赵信大喜过望,磕头谢恩“臣谢陛下信任,臣求之不得。”
刘彻呵呵笑道“你对匈奴的情况熟悉,到时候就做个前将军,也好给大伙带路。”掉过头对李广道“老将军老当益壮,
就做后将军吧,给大伙压着阵更能安定军心,也多给卫青出点主意,杀着总是要留到最后的嘛!”
赵信现在不过是个校尉,现在刘彻一句话就成了将军,还是职责重大的前将军,大伙多少有点意外。李广却十分失望,
虽然刘彻说得好听,但后将军的角色主要还是后备队和负责托运物资,如果不是主力部队损耗太过严重,很难有直接对
敌的机会。不过做后将军总比连出战机会都没有好,想到这里,李广总算心安了点。
不远处,侍卫已经到了李广射杀的鹿面前,忽地一声轻呼,抱起那鹿向刘彻奔来“陛下,请看。”
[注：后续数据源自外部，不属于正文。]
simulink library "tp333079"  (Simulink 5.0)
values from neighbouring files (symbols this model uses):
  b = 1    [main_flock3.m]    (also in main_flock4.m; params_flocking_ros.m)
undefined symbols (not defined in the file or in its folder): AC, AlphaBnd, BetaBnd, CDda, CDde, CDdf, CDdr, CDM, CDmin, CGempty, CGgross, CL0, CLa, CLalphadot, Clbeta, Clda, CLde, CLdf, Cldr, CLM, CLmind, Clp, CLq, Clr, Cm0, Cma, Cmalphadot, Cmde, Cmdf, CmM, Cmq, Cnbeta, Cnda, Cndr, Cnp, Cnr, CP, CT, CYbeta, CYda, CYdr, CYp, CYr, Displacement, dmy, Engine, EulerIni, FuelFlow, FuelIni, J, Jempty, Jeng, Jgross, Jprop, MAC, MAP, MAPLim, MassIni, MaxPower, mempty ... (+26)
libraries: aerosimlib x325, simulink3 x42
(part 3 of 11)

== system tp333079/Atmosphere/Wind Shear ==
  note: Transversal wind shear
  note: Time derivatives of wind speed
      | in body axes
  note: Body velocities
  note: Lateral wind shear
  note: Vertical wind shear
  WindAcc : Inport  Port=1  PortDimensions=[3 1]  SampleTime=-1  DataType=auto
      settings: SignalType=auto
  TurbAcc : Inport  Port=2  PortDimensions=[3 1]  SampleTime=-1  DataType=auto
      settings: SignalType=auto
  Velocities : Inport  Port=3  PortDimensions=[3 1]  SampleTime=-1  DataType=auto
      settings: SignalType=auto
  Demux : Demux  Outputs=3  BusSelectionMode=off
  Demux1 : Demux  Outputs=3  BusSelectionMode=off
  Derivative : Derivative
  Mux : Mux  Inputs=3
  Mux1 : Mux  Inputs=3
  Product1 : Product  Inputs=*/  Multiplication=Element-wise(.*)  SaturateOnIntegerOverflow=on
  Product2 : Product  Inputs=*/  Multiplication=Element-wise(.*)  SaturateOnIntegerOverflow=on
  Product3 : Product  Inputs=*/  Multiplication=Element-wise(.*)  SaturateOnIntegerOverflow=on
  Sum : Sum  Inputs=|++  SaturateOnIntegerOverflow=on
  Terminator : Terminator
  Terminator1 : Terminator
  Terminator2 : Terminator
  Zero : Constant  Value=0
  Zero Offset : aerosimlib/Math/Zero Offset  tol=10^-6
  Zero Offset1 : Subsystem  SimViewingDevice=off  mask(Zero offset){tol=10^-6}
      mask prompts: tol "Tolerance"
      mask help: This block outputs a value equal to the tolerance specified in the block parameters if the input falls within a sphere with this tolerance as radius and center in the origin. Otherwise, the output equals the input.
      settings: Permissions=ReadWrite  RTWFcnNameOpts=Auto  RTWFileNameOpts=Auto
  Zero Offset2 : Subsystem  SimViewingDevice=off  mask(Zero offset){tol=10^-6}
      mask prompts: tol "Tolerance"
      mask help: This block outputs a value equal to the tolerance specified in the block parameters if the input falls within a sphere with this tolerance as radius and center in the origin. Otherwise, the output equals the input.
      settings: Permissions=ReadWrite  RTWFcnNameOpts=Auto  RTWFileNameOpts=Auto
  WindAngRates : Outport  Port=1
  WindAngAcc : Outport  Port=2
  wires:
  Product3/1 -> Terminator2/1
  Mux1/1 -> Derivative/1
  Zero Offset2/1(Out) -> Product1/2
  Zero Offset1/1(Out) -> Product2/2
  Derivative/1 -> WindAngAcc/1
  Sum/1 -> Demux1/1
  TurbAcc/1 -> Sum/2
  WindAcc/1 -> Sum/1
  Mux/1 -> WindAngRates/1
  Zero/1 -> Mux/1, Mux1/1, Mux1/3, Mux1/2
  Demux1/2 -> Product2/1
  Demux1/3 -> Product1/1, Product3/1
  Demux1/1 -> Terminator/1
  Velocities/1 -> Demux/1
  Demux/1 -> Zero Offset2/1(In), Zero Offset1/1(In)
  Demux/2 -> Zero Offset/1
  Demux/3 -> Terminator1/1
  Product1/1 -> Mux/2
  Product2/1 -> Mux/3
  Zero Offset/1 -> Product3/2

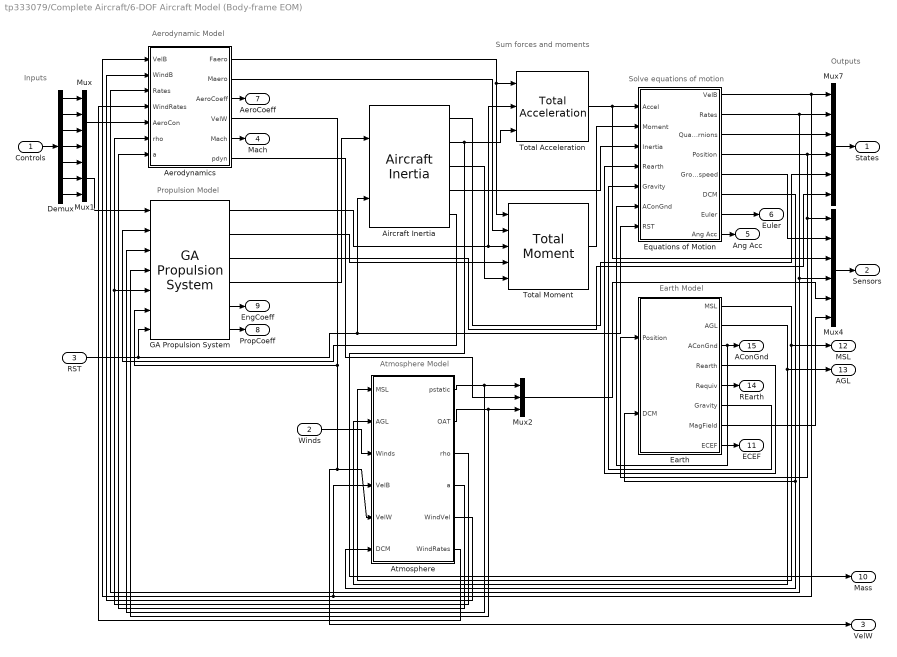
== system tp333079/Complete Aircraft/6-DOF Aircraft Model (Body-frame EOM) ==
  note: Propulsion Model
  note: Atmosphere Model
  note: Sum forces and moments
  note: Earth Model
  note: Aerodynamic Model
  note: Outputs
  note: Inputs
  note: Solve equations of motion
  Controls : Inport  Port=1  PortDimensions=-1  SampleTime=-1  DataType=auto
      settings: SignalType=auto
  Winds : Inport  Port=2  PortDimensions=-1  SampleTime=-1  DataType=auto
      settings: SignalType=auto
  RST : Inport  Port=3  PortDimensions=-1  SampleTime=-1  DataType=auto
      settings: SignalType=auto
  Aerodynamics : Subsystem  SimViewingDevice=off
      settings: Permissions=ReadWrite  RTWFcnNameOpts=Auto  RTWFileNameOpts=Auto
  Aircraft Inertia : aerosimlib/Inertia/Aircraft Inertia  FuelIni=FuelIni  Mempty=mempty  Mgross=mgross  CGempty=CGempty  CGgross=CGgross  Jempty=Jempty  Jgross=Jgross
  Atmosphere : Subsystem  SimViewingDevice=off
      settings: Permissions=ReadWrite  RTWFcnNameOpts=Auto  RTWFileNameOpts=Auto
  Demux : Demux  Outputs=7  BusSelectionMode=off
  Earth : Subsystem  SimViewingDevice=off
      settings: Permissions=ReadWrite  RTWFcnNameOpts=Auto  RTWFileNameOpts=Auto
  Equations of Motion : Subsystem  SimViewingDevice=off
      settings: Permissions=ReadWrite  RTWFcnNameOpts=Auto  RTWFileNameOpts=Auto
  GA Propulsion System : aerosimlib/Propulsion/GA Propulsion System  OmegaIni=OmegaIni  RPM=RPM  MAP=MAP  FuelFlow=FuelFlow  Power=Power  Jeng=Jeng  J=J  CT=CT  CP=CP  Rprop=Rprop  Jprop=Jprop  TSL=TSL
  Mux : Mux  Inputs=4
  Mux1 : Mux  Inputs=3
  Mux2 : Mux  Inputs=3
  Mux4 : Mux  Inputs=6
  Mux7 : Mux  Inputs=6
  Total Acceleration : aerosimlib/Equations of Motion/Total Acceleration
  Total Moment : aerosimlib/Equations of Motion/Total Moment  raero=rAC  rprop=rHub
  States : Outport  Port=1
  Sensors : Outport  Port=2
  VelW : Outport  Port=3
  Mach : Outport  Port=4
  Ang Acc : Outport  Port=5
  Euler : Outport  Port=6
  AeroCoeff : Outport  Port=7
  PropCoeff : Outport  Port=8
  EngCoeff : Outport  Port=9
  Mass : Outport  Port=10
  ECEF : Outport  Port=11
  MSL : Outport  Port=12
  AGL : Outport  Port=13
  REarth : Outport  Port=14
  AConGnd : Outport  Port=15
  wires:
  Earth/8(ECEF) -> ECEF/1
  Aerodynamics/3(AeroCoeff) -> AeroCoeff/1
  Aerodynamics/5(Mach) -> Mach/1
  Equations of Motion/3(Quaternions) -> Mux7/3
  Mux/1 -> Aerodynamics/5(AeroCon)
  Equations of Motion/4(Position) -> Mux7/4, Mux4/1, Earth/1(Position)
  Equations of Motion/2(Rates) -> Mux7/2, Mux4/4, Aerodynamics/3(Rates)
  Equations of Motion/1(VelB) -> Mux7/1, Atmosphere/4(VelB), Aerodynamics/1(VelB)
  Mux1/1 -> GA Propulsion System/1
  Mux7/1 -> States/1
  Mux4/1 -> Sensors/1
  Controls/1 -> Demux/1
  Demux/1 -> Mux/1
  Demux/2 -> Mux/2
  Demux/3 -> Mux/3
  Demux/4 -> Mux/4
  Demux/5 -> Mux1/1
  Demux/6 -> Mux1/2
  Demux/7 -> Mux1/3
  GA Propulsion System/5 -> EngCoeff/1
  GA Propulsion System/6 -> PropCoeff/1
  Earth/5(Requiv) -> REarth/1
  Earth/3(AConGnd) -> AConGnd/1, Equations of Motion/6(AConGnd)
  Equations of Motion/5(Groundspeed) -> Mux4/2
  Total Acceleration/1 -> Equations of Motion/1(Accel), Mux4/3
  Earth/7(MagField) -> Mux4/6
  Earth/6(Gravity) -> Equations of Motion/5(Gravity)
  Earth/4(Rearth) -> Equations of Motion/4(Rearth)
  Aircraft Inertia/2 -> Total Acceleration/3, Mass/1
  Aircraft Inertia/4 -> Equations of Motion/3(Inertia)
  Total Moment/1 -> Equations of Motion/2(Moment)
  Aircraft Inertia/3 -> Total Moment/5
  Aerodynamics/1(Faero) -> Total Acceleration/1, Total Moment/1
  Aerodynamics/2(Maero) -> Total Moment/2
  GA Propulsion System/1 -> Total Acceleration/2, Total Moment/3
  GA Propulsion System/2 -> Total Moment/4
  Equations of Motion/6(DCM) -> Earth/2(DCM), Atmosphere/6(DCM)
  Atmosphere/1(pstatic) -> Mux2/1, GA Propulsion System/3
  Atmosphere/2(OAT) -> Mux2/3, GA Propulsion System/4
  Aerodynamics/6(pdyn) -> Mux2/2
  Mux2/1 -> Mux4/5
  Aircraft Inertia/1 -> Mux7/5
  GA Propulsion System/3 -> Mux7/6
  GA Propulsion System/4 -> Aircraft Inertia/1
  Aerodynamics/4(VelW) -> GA Propulsion System/6, Atmosphere/5(VelW), VelW/1
  Earth/1(MSL) -> Atmosphere/1(MSL), MSL/1
  Earth/2(AGL) -> Atmosphere/2(AGL), AGL/1
  Winds/1 -> Atmosphere/3(Winds)
  Atmosphere/5(WindVel) -> Aerodynamics/2(WindB)
  Atmosphere/3(rho) -> Aerodynamics/6(rho), GA Propulsion System/5
  Atmosphere/4(a) -> Aerodynamics/7(a)
  Aircraft Inertia/5 -> GA Propulsion System/2
  RST/1 -> GA Propulsion System/7, Equations of Motion/7(RST), Aircraft Inertia/2
  Atmosphere/6(WindRates) -> Aerodynamics/4(WindRates)
  Equations of Motion/8(Ang Acc) -> Ang Acc/1
  Equations of Motion/7(Euler) -> Euler/1

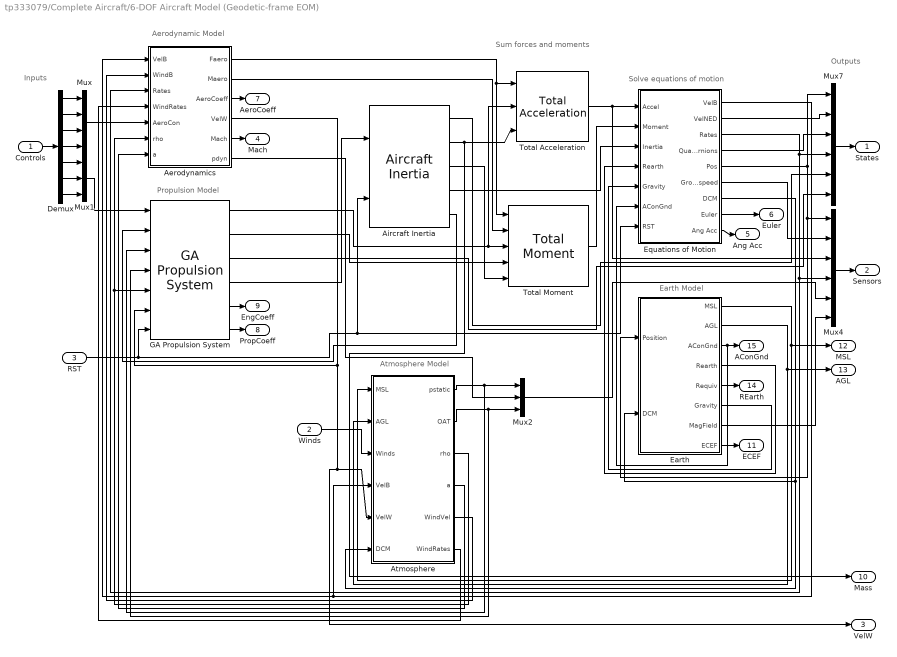
== system tp333079/Complete Aircraft/6-DOF Aircraft Model (Geodetic-frame EOM) ==
  note: Propulsion Model
  note: Atmosphere Model
  note: Sum forces and moments
  note: Earth Model
  note: Aerodynamic Model
  note: Outputs
  note: Inputs
  note: Solve equations of motion
  Controls : Inport  Port=1  PortDimensions=-1  SampleTime=-1  DataType=auto
      settings: SignalType=auto
  Winds : Inport  Port=2  PortDimensions=-1  SampleTime=-1  DataType=auto
      settings: SignalType=auto
  RST : Inport  Port=3  PortDimensions=-1  SampleTime=-1  DataType=auto
      settings: SignalType=auto
  Aerodynamics : Subsystem  SimViewingDevice=off
      settings: Permissions=ReadWrite  RTWFcnNameOpts=Auto  RTWFileNameOpts=Auto
  Aircraft Inertia : aerosimlib/Inertia/Aircraft Inertia  FuelIni=FuelIni  Mempty=mempty  Mgross=mgross  CGempty=CGempty  CGgross=CGgross  Jempty=Jempty  Jgross=Jgross
  Atmosphere : Subsystem  SimViewingDevice=off
      settings: Permissions=ReadWrite  RTWFcnNameOpts=Auto  RTWFileNameOpts=Auto
  Demux : Demux  Outputs=7  BusSelectionMode=off
  Earth : Subsystem  SimViewingDevice=off
      settings: Permissions=ReadWrite  RTWFcnNameOpts=Auto  RTWFileNameOpts=Auto
  Equations of Motion : Subsystem  SimViewingDevice=off
      settings: Permissions=ReadWrite  RTWFcnNameOpts=Auto  RTWFileNameOpts=Auto
  GA Propulsion System : aerosimlib/Propulsion/GA Propulsion System  OmegaIni=OmegaIni  RPM=RPM  MAP=MAP  FuelFlow=FuelFlow  Power=Power  Jeng=Jeng  J=J  CT=CT  CP=CP  Rprop=Rprop  Jprop=Jprop  TSL=TSL
  Mux : Mux  Inputs=4
  Mux1 : Mux  Inputs=3
  Mux2 : Mux  Inputs=3
  Mux4 : Mux  Inputs=6
  Mux7 : Mux  Inputs=6
  Total Acceleration : aerosimlib/Equations of Motion/Total Acceleration
  Total Moment : aerosimlib/Equations of Motion/Total Moment  raero=rAC  rprop=rHub
  States : Outport  Port=1
  Sensors : Outport  Port=2
  VelW : Outport  Port=3
  Mach : Outport  Port=4
  Ang Acc : Outport  Port=5
  Euler : Outport  Port=6
  AeroCoeff : Outport  Port=7
  PropCoeff : Outport  Port=8
  EngCoeff : Outport  Port=9
  Mass : Outport  Port=10
  ECEF : Outport  Port=11
  MSL : Outport  Port=12
  AGL : Outport  Port=13
  REarth : Outport  Port=14
  AConGnd : Outport  Port=15
  wires:
  Earth/8(ECEF) -> ECEF/1
  Aerodynamics/3(AeroCoeff) -> AeroCoeff/1
  Aerodynamics/5(Mach) -> Mach/1
  Mux/1 -> Aerodynamics/5(AeroCon)
  Equations of Motion/5(Pos) -> Mux4/1, Earth/1(Position), Mux7/1
  Equations of Motion/3(Rates) -> Mux4/4, Aerodynamics/3(Rates), Mux7/4
  Equations of Motion/1(VelB) -> Atmosphere/4(VelB), Aerodynamics/1(VelB)
  Mux1/1 -> GA Propulsion System/1
  Mux7/1 -> States/1
  Mux4/1 -> Sensors/1
  Controls/1 -> Demux/1
  Demux/1 -> Mux/1
  Demux/2 -> Mux/2
  Demux/3 -> Mux/3
  Demux/4 -> Mux/4
  Demux/5 -> Mux1/1
  Demux/6 -> Mux1/2
  Demux/7 -> Mux1/3
  GA Propulsion System/5 -> EngCoeff/1
  GA Propulsion System/6 -> PropCoeff/1
  Earth/5(Requiv) -> REarth/1
  Earth/3(AConGnd) -> AConGnd/1, Equations of Motion/6(AConGnd)
  Equations of Motion/6(Groundspeed) -> Mux4/2
  Total Acceleration/1 -> Equations of Motion/1(Accel), Mux4/3
  Earth/7(MagField) -> Mux4/6
  Earth/6(Gravity) -> Equations of Motion/5(Gravity)
  Earth/4(Rearth) -> Equations of Motion/4(Rearth)
  Aircraft Inertia/2 -> Total Acceleration/3, Mass/1
  Aircraft Inertia/4 -> Equations of Motion/3(Inertia)
  Total Moment/1 -> Equations of Motion/2(Moment)
  Aircraft Inertia/3 -> Total Moment/5
  Aerodynamics/1(Faero) -> Total Acceleration/1, Total Moment/1
  Aerodynamics/2(Maero) -> Total Moment/2
  GA Propulsion System/1 -> Total Acceleration/2, Total Moment/3
  GA Propulsion System/2 -> Total Moment/4
  Equations of Motion/7(DCM) -> Earth/2(DCM), Atmosphere/6(DCM)
  Atmosphere/1(pstatic) -> Mux2/1, GA Propulsion System/3
  Atmosphere/2(OAT) -> Mux2/3, GA Propulsion System/4
  Aerodynamics/6(pdyn) -> Mux2/2
  Mux2/1 -> Mux4/5
  Aircraft Inertia/1 -> Mux7/5
  GA Propulsion System/3 -> Mux7/6
  GA Propulsion System/4 -> Aircraft Inertia/1
  Aerodynamics/4(VelW) -> GA Propulsion System/6, Atmosphere/5(VelW), VelW/1
  Earth/1(MSL) -> Atmosphere/1(MSL), MSL/1
  Earth/2(AGL) -> Atmosphere/2(AGL), AGL/1
  Winds/1 -> Atmosphere/3(Winds)
  Atmosphere/5(WindVel) -> Aerodynamics/2(WindB)
  Atmosphere/3(rho) -> Aerodynamics/6(rho), GA Propulsion System/5
  Atmosphere/4(a) -> Aerodynamics/7(a)
  Aircraft Inertia/5 -> GA Propulsion System/2
  RST/1 -> GA Propulsion System/7, Equations of Motion/7(RST), Aircraft Inertia/2
  Atmosphere/6(WindRates) -> Aerodynamics/4(WindRates)
  Equations of Motion/9(Ang Acc) -> Ang Acc/1
  Equations of Motion/8(Euler) -> Euler/1
  Equations of Motion/2(VelNED) -> Mux7/2
  Equations of Motion/4(Quaternions) -> Mux7/3

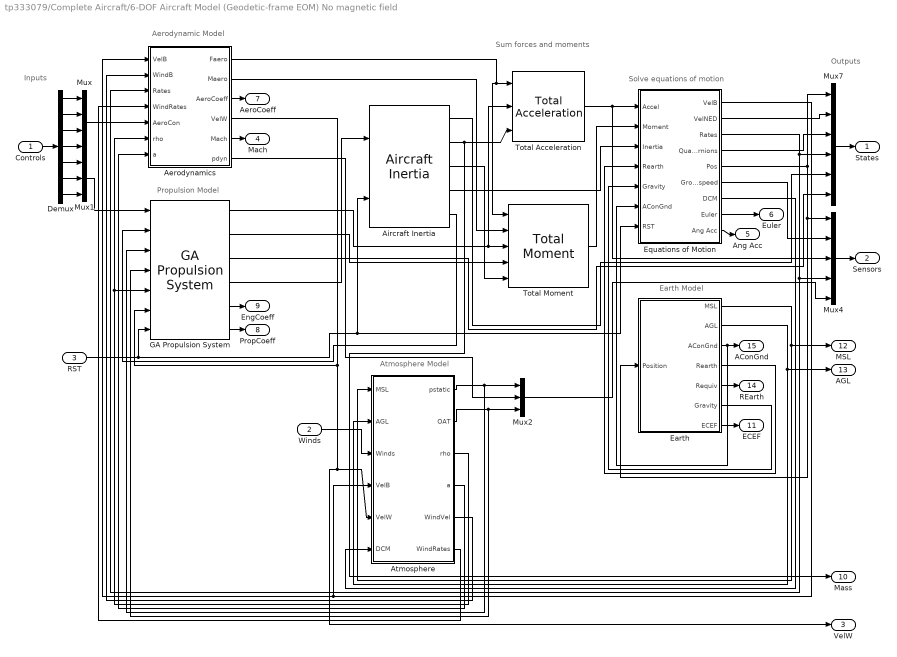
== system tp333079/Complete Aircraft/6-DOF Aircraft Model (Geodetic-frame EOM) No magnetic field ==
  note: Solve equations of motion
  note: Inputs
  note: Outputs
  note: Aerodynamic Model
  note: Earth Model
  note: Sum forces and moments
  note: Atmosphere Model
  note: Propulsion Model
  Controls : Inport  Port=1  PortDimensions=-1  SampleTime=-1  DataType=auto
      settings: SignalType=auto
  Winds : Inport  Port=2  PortDimensions=-1  SampleTime=-1  DataType=auto
      settings: SignalType=auto
  RST : Inport  Port=3  PortDimensions=-1  SampleTime=-1  DataType=auto
      settings: SignalType=auto
  Aerodynamics : Subsystem  SimViewingDevice=off
      settings: Permissions=ReadWrite  RTWFcnNameOpts=Auto  RTWFileNameOpts=Auto
  Aircraft Inertia : aerosimlib/Inertia/Aircraft Inertia  FuelIni=FuelIni  Mempty=mempty  Mgross=mgross  CGempty=CGempty  CGgross=CGgross  Jempty=Jempty  Jgross=Jgross
  Atmosphere : Subsystem  SimViewingDevice=off
      settings: Permissions=ReadWrite  RTWFcnNameOpts=Auto  RTWFileNameOpts=Auto
  Demux : Demux  Outputs=7  BusSelectionMode=off
  Earth : Subsystem  SimViewingDevice=off
      settings: Permissions=ReadWrite  RTWFcnNameOpts=Auto  RTWFileNameOpts=Auto
  Equations of Motion : Subsystem  SimViewingDevice=off
      settings: Permissions=ReadWrite  RTWFcnNameOpts=Auto  RTWFileNameOpts=Auto
  GA Propulsion System : aerosimlib/Propulsion/GA Propulsion System  OmegaIni=OmegaIni  RPM=RPM  MAP=MAP  FuelFlow=FuelFlow  Power=Power  Jeng=Jeng  J=J  CT=CT  CP=CP  Rprop=Rprop  Jprop=Jprop  TSL=TSL
  Mux : Mux  Inputs=4
  Mux1 : Mux  Inputs=3
  Mux2 : Mux  Inputs=3
  Mux4 : Mux  Inputs=5
  Mux7 : Mux  Inputs=6
  Total Acceleration : aerosimlib/Equations of Motion/Total Acceleration
  Total Moment : aerosimlib/Equations of Motion/Total Moment  raero=rAC  rprop=rHub
  States : Outport  Port=1
  Sensors : Outport  Port=2
  VelW : Outport  Port=3
  Mach : Outport  Port=4
  Ang Acc : Outport  Port=5
  Euler : Outport  Port=6
  AeroCoeff : Outport  Port=7
  PropCoeff : Outport  Port=8
  EngCoeff : Outport  Port=9
  Mass : Outport  Port=10
  ECEF : Outport  Port=11
  MSL : Outport  Port=12
  AGL : Outport  Port=13
  REarth : Outport  Port=14
  AConGnd : Outport  Port=15
  wires:
  Equations of Motion/4(Quaternions) -> Mux7/3
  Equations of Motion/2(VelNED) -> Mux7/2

刘彻低头看去,却见那鹿的额头居然并排插着两支箭,也不由一惊,转脸见霍去病正侧头望着他,手中犹自挽着长弓,
一脸得意洋洋。
“怎么,想和老将军比箭法啊!”刘彻装出一丝怒意,谁知霍去病却并不买账,笑嘻嘻地策马靠近刘彻“陛下,臣的箭
法还看得过去吧,臣也能骑最烈的骏马,能拉八十斤的强弓,而且臣满腔报国之志,对陛下更是万分仰慕,陛下让臣也
上战场吧!”
“你么?”刘彻上下打量了霍去病“你多大了?”
“臣明年十八了。”
“十八了?”刘彻心中一动,日子过得可真快,连这个小毛头也长大成人了“你外婆和你舅舅怎么说的?”